>> The person believes his decision are now guided by free will, but truly they 
>> are still guided by the book: if the book gives him the wrong meaning of a 
>> word, he will make a mistake when answering a Chinese speaker

The translations are guided by the book but his answers certainly are not.  He 
can make a mistranslation but that is a mechanical/non-understanding act 
performed on the original act of deciding upon his answer.

>> The main difference in this second context is that the contents of the book 
>> were transferred to the brain of the person

No.  The main difference is that the person can choose what to answer (as 
opposed to the Chinese Room where responses are dictated by the input and no 
choice is involved).

  ----- Original Message ----- 
  From: Valentina Poletti 
  To: [email protected] 
  Sent: Friday, August 08, 2008 6:18 AM
  Subject: Re: [agi] Groundless reasoning --> Chinese Room


  Let me ask about a special case of this argument.

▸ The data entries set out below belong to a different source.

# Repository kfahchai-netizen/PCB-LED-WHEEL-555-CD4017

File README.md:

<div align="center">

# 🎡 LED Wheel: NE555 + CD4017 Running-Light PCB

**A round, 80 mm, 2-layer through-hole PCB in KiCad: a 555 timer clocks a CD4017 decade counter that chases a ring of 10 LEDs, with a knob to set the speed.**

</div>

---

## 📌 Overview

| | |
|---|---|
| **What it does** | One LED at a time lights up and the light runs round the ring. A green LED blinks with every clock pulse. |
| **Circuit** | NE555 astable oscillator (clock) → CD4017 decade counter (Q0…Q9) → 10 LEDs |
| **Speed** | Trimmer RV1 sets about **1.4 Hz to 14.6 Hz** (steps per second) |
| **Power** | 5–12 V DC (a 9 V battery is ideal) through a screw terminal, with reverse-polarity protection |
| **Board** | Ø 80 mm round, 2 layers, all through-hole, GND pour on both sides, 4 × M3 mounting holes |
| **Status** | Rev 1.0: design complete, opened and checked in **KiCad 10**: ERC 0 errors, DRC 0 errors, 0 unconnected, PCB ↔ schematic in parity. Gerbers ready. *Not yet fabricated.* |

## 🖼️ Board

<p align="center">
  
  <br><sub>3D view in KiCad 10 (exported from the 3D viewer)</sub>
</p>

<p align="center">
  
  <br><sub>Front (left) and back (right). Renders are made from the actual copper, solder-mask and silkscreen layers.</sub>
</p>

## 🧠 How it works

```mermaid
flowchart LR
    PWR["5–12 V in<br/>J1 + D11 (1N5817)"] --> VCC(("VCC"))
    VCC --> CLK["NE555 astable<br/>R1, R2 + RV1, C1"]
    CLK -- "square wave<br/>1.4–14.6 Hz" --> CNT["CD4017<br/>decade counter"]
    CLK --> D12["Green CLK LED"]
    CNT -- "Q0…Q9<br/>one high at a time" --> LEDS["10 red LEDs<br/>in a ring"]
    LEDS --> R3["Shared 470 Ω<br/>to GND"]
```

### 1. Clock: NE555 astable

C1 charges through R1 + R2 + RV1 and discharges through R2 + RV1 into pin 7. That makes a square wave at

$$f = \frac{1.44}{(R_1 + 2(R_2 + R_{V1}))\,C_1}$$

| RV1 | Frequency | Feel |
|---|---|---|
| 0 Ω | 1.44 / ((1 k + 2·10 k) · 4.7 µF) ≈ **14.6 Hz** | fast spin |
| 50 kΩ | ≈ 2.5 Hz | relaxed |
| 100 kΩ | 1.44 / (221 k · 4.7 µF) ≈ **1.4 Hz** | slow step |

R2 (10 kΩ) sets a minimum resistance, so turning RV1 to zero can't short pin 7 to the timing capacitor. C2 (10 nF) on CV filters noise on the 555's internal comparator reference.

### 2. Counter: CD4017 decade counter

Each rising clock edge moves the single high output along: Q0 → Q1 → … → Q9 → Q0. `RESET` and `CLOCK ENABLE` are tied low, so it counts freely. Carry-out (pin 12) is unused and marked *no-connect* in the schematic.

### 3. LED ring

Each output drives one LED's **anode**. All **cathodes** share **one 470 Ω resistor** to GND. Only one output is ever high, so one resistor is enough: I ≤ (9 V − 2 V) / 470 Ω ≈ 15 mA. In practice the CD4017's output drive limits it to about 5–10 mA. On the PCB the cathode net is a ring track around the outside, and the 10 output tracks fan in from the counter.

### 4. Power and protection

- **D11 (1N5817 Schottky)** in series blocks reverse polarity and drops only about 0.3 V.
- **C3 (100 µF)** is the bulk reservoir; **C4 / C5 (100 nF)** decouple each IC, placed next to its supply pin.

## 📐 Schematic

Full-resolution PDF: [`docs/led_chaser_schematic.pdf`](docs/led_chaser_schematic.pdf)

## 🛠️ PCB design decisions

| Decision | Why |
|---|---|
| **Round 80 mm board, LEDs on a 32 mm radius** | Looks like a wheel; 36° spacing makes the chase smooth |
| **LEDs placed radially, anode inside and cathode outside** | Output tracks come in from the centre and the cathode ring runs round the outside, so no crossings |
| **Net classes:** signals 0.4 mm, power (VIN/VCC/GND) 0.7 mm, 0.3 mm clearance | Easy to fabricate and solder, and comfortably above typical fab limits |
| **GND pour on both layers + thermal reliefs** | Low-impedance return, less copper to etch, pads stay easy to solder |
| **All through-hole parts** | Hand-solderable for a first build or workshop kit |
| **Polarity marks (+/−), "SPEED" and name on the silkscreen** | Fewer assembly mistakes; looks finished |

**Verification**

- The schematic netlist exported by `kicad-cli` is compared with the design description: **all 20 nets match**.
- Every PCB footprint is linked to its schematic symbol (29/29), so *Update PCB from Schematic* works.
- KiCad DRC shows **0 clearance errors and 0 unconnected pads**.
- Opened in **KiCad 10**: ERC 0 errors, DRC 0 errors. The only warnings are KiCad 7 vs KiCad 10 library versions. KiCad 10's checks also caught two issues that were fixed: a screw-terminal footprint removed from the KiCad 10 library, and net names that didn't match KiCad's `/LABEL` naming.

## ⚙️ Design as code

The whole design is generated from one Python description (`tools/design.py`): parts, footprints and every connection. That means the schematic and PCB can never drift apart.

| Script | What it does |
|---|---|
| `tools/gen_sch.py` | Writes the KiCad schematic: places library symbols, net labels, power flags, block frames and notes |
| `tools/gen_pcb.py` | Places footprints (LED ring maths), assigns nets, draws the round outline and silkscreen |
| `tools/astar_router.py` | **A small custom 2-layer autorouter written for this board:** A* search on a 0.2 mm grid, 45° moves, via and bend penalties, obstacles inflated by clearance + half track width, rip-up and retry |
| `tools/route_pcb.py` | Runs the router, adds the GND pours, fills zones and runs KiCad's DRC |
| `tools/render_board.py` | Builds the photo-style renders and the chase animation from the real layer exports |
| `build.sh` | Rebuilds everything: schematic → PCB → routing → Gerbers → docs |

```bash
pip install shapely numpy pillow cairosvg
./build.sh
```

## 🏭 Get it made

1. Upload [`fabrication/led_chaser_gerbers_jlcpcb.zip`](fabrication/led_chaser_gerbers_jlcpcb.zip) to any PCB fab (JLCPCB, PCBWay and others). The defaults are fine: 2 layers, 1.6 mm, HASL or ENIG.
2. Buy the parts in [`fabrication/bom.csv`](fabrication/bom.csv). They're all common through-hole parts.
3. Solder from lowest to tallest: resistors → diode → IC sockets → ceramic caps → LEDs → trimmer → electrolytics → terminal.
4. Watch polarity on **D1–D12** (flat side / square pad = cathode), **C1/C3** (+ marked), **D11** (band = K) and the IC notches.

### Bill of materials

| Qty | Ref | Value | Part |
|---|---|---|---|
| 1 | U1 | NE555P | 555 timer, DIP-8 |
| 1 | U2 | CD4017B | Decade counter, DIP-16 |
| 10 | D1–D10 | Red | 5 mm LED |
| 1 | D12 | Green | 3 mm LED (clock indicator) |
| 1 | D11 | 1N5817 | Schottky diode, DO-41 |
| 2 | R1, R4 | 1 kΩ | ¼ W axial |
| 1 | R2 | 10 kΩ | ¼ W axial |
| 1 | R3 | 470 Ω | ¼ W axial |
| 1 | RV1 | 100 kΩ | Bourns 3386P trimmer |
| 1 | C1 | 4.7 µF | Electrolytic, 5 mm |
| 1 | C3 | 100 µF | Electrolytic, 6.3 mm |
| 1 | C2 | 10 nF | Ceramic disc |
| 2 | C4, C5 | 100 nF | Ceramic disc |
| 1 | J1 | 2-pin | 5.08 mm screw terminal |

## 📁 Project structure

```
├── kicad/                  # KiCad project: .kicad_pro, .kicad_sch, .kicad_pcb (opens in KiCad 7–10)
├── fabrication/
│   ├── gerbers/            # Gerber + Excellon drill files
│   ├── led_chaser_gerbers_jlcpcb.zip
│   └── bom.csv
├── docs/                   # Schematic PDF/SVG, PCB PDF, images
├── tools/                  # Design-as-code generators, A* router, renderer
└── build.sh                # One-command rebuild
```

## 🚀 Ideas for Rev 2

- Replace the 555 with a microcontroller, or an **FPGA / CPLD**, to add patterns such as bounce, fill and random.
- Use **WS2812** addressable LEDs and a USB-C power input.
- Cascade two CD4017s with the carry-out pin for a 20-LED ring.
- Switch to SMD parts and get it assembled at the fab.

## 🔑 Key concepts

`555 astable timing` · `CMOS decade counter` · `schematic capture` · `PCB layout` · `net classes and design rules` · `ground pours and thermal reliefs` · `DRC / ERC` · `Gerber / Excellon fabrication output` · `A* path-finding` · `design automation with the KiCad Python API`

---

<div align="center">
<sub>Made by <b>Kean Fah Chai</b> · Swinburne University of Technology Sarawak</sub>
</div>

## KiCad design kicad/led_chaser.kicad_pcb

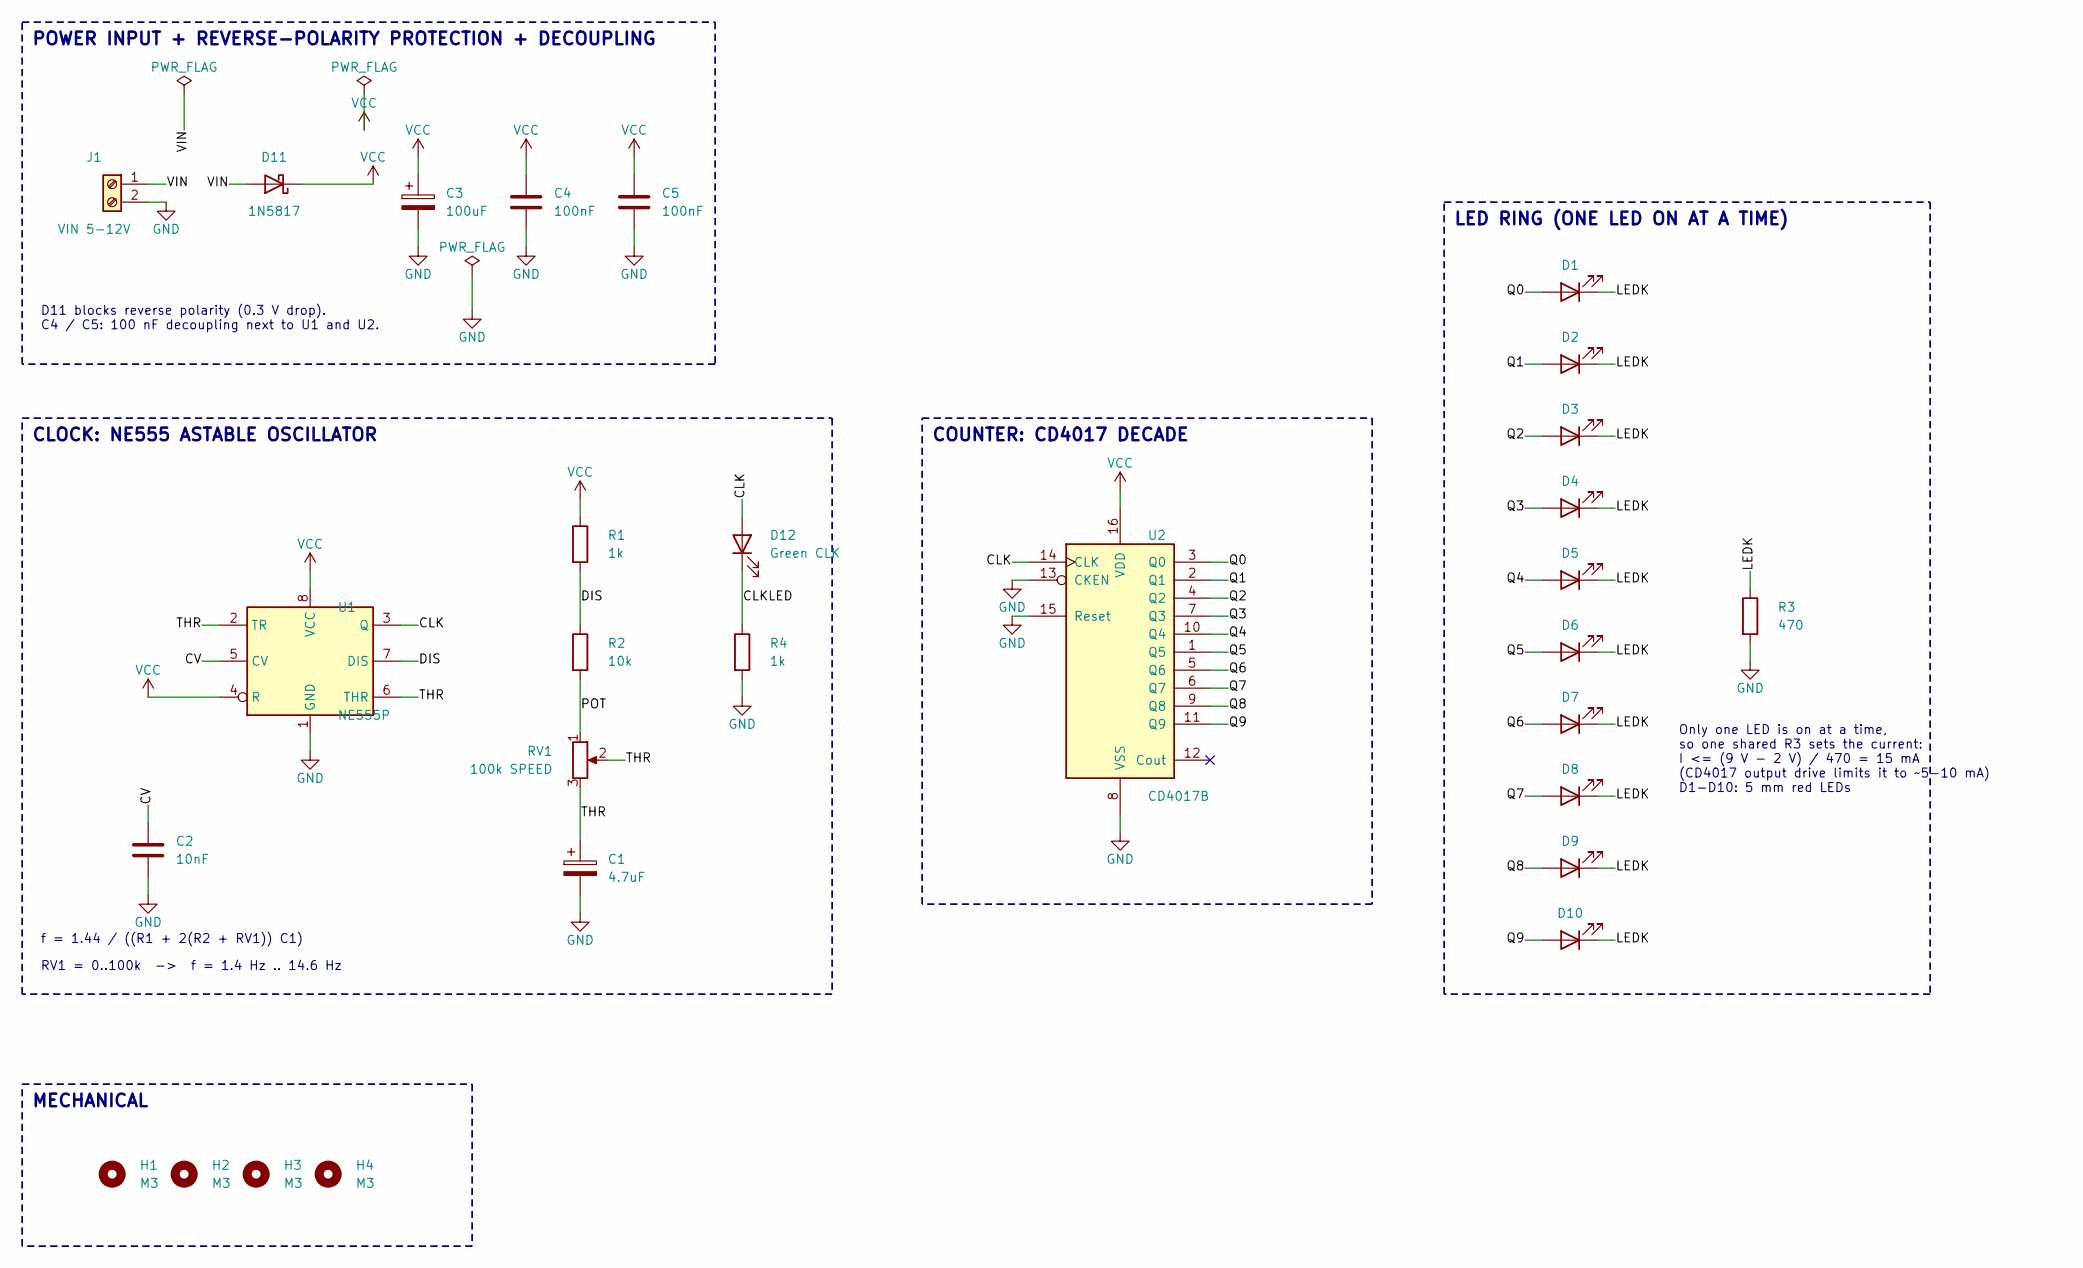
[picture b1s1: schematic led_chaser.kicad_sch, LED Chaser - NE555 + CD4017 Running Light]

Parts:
C1: 4.7uF; CP_Radial_D5.0mm_P2.00mm
C2: 10nF; C_Disc_D5.0mm_W2.5mm_P5.00mm
C3: 100uF; CP_Radial_D6.3mm_P2.50mm
C4, C5: 100nF; C_Disc_D5.0mm_W2.5mm_P5.00mm
D1, D2, D3, D4, D5, D6, D7, D8, D9, D10: Red; LED_D5.0mm
D11: 1N5817; D_DO-41_SOD81_P10.16mm_Horizontal
D12: Green CLK; LED_D3.0mm
H1, H2, H3, H4: M3; MountingHole_3.2mm_M3
J1: VIN 5-12V; TerminalBlock_Phoenix_MKDS-1,5-2-5.08_1x02_P5.08mm_Horizont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
R1, R4: 1k; R_Axial_DIN0207_L6.3mm_D2.5mm_P7.62mm_Horizontal
R2: 10k; R_Axial_DIN0207_L6.3mm_D2.5mm_P7.62mm_Horizontal
R3: 470; R_Axial_DIN0207_L6.3mm_D2.5mm_P7.62mm_Horizontal
RV1: 100k SPEED; Potentiometer_Bourns_3386P_Vertical
U1: NE555P; DIP-8_W7.62mm
U2: CD4017B; DIP-16_W7.62mm

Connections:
/CLK: D12.2 (A), U1.3 (Q), U2.14 (CLK)
/CLKLED: D12.1 (K), R4.1
/CV: C2.1, U1.5 (CV)
/DIS: R1.2, R2.1, U1.7 (DIS)
/LEDK: D1.1 (K), D2.1 (K), D3.1 (K), D4.1 (K), D5.1 (K), D6.1 (K), D7.1 (K), D8.1 (K), D9.1 (K), D10.1 (K), R3.1
/POT: R2.2, RV1.1
/Q0: D1.2 (A), U2.3 (Q0)
/Q1: D2.2 (A), U2.2 (Q1)
/Q2: D3.2 (A), U2.4 (Q2)
/Q3: D4.2 (A), U2.7 (Q3)
/Q4: D5.2 (A), U2.10 (Q4)
/Q5: D6.2 (A), U2.1 (Q5)
/Q6: D7.2 (A), U2.5 (Q6)
/Q7: D8.2 (A), U2.6 (Q7)
/Q8: D9.2 (A), U2.9 (Q8)
/Q9: D10.2 (A), U2.11 (Q9)
/THR: C1.1, RV1.2, RV1.3, U1.2 (TR), U1.6 (THR)
/VIN: D11.2 (A), J1.1
GND: C1.2, C2.2, C3.2, C4.2, C5.2, J1.2, R3.2, R4.2, U1.1 (GND), U2.8 (VSS), U2.13 (CKEN), U2.15 (Reset)
VCC: C3.1, C4.1, C5.1, D11.1 (K), R1.1, U1.4 (R), U1.8 (VCC), U2.16 (VDD)

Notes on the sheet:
POWER INPUT + REVERSE-POLARITY PROTECTION + DECOUPLING
CLOCK: NE555 ASTABLE OSCILLATOR
COUNTER: CD4017 DECADE
LED RING (ONE LED ON AT A TIME)
f = 1.44 / ((R1 + 2(R2 + RV1)) C1)
RV1 = 0..100k -> f = 1.4 Hz .. 14.6 Hz
Only one LED is on at a time, so one shared R3 sets the current: I <= (9 V - 2 V) / 470 = 15 mA (CD4017 output drive limits it to ~5-10 mA) D1-D10: 5 mm red LEDs
D11 blocks reverse polarity (0.3 V drop). C4 / C5: 100 nF decoupling next to U1 and U2.
MECHANICAL

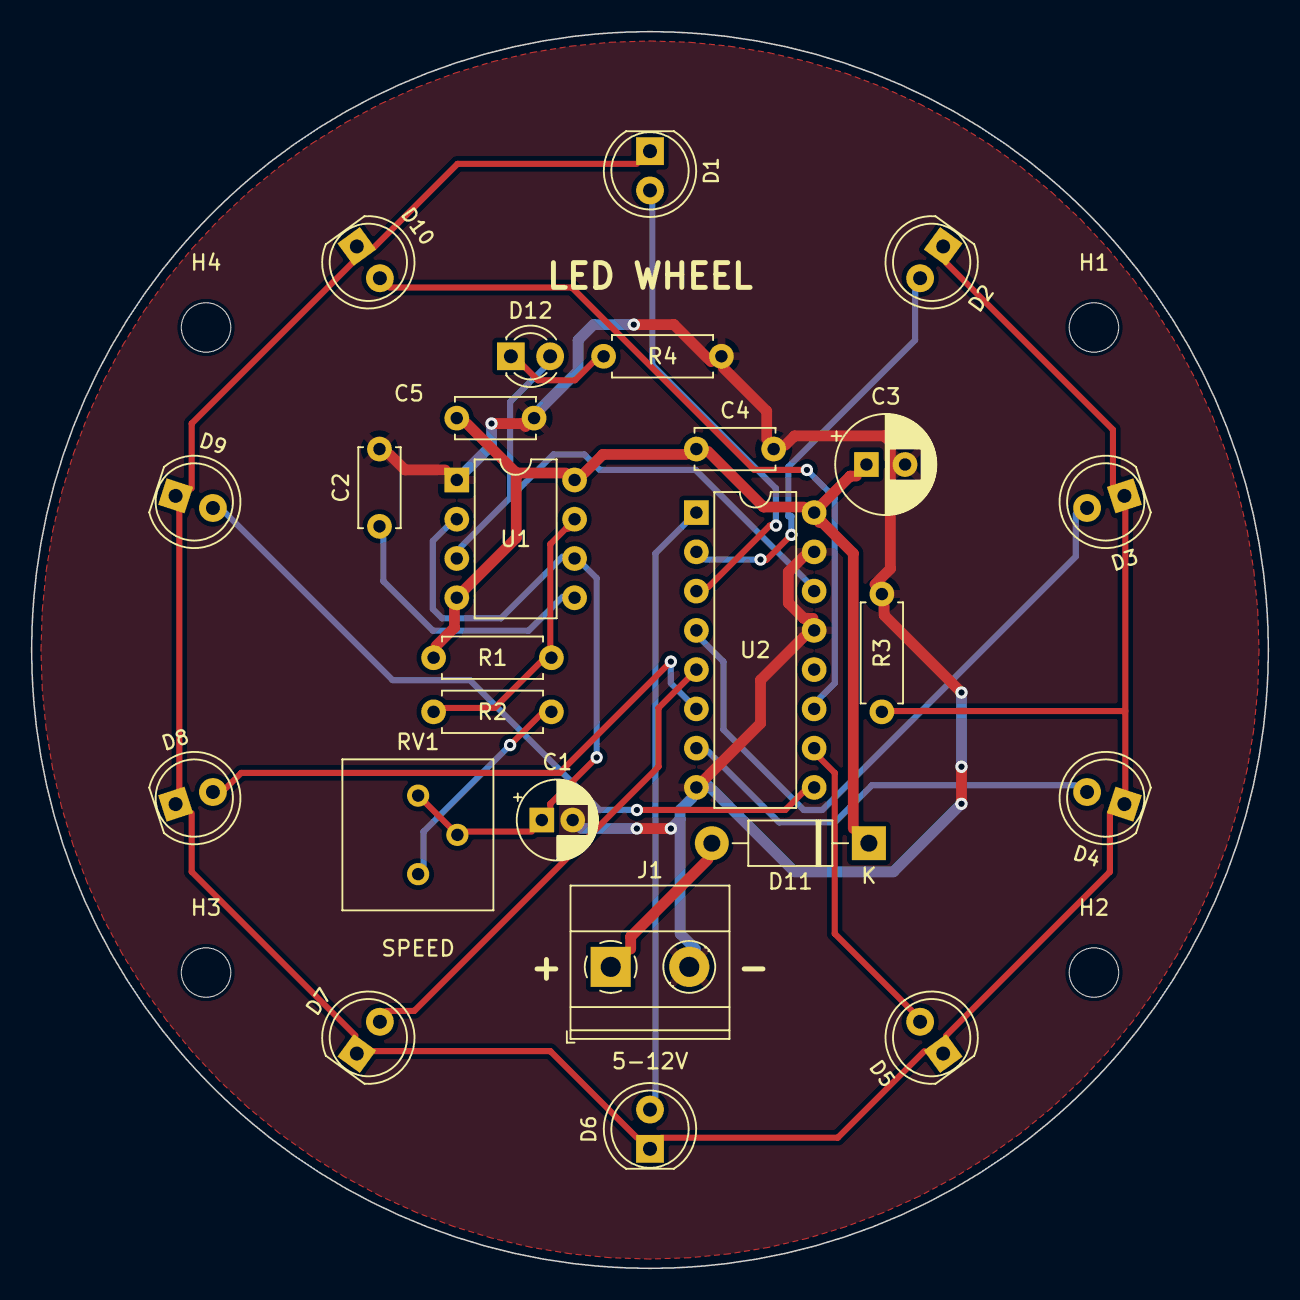
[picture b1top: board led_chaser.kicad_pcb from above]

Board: 2 copper layers, 80.0 x 80.0 mm, 29 parts (0 on the bottom side), 20 nets.

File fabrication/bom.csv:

Qty,References,Value,Footprint
1,C1,4.7uF,CP_Radial_D5.0mm_P2.00mm
1,C2,10nF,C_Disc_D5.0mm_W2.5mm_P5.00mm
1,C3,100uF,CP_Radial_D6.3mm_P2.50mm
2,C4 C5,100nF,C_Disc_D5.0mm_W2.5mm_P5.00mm
10,D1 D2 D3 D4 D5 D6 D7 D8 D9 D10,Red,LED_D5.0mm
1,D11,1N5817,D_DO-41_SOD81_P10.16mm_Horizontal
1,D12,Green CLK,LED_D3.0mm
1,J1,VIN 5-12V,"TerminalBlock_Phoenix_MKDS-1,5-2-5.08_1x02_P5.08mm_Horizontal"
2,R1 R4,1k,R_Axial_DIN0207_L6.3mm_D2.5mm_P7.62mm_Horizontal
1,R2,10k,R_Axial_DIN0207_L6.3mm_D2.5mm_P7.62mm_Horizontal
1,R3,470,R_Axial_DIN0207_L6.3mm_D2.5mm_P7.62mm_Horizontal
1,RV1,100k SPEED,Potentiometer_Bourns_3386P_Vertical
1,U1,NE555P,DIP-8_W7.62mm
1,U2,CD4017B,DIP-16_W7.62mm

  Suppose now the book that the guy in the room holds is a chinese-teaching 
book for english speakers. The guy can read it for as long as he wishes, and 
can consult it in order to give the answers to the chinese speakers interacting 
with him.

  In this situation, although the setting has not changed much physically 
speaking, the guy can be said to use his free will rather than a controlled 
approach to answer questions. But is that true? The amount of information 
exchanged is the same. The energy used is the same. The person believes his 
decision are now guided by free will, but truly they are still guided by the 
book: if the book gives him the wrong meaning of a word, he will make a mistake 
when answering a chinese speaker. So his free will is just an illusion.

  The main difference in this second context is that the contents of the book 
were transferred to the brain of the person, and these contents were compressed 
(rather than consulting each case for what to do, he has been taught general 
rules on what to do). The person has acquired understanding of chinese from the 
book? No, he has acquired information from the book. Information alone is not 
enough for understanding to exist. There must be energy processing it.

  By this definition a machine can understand.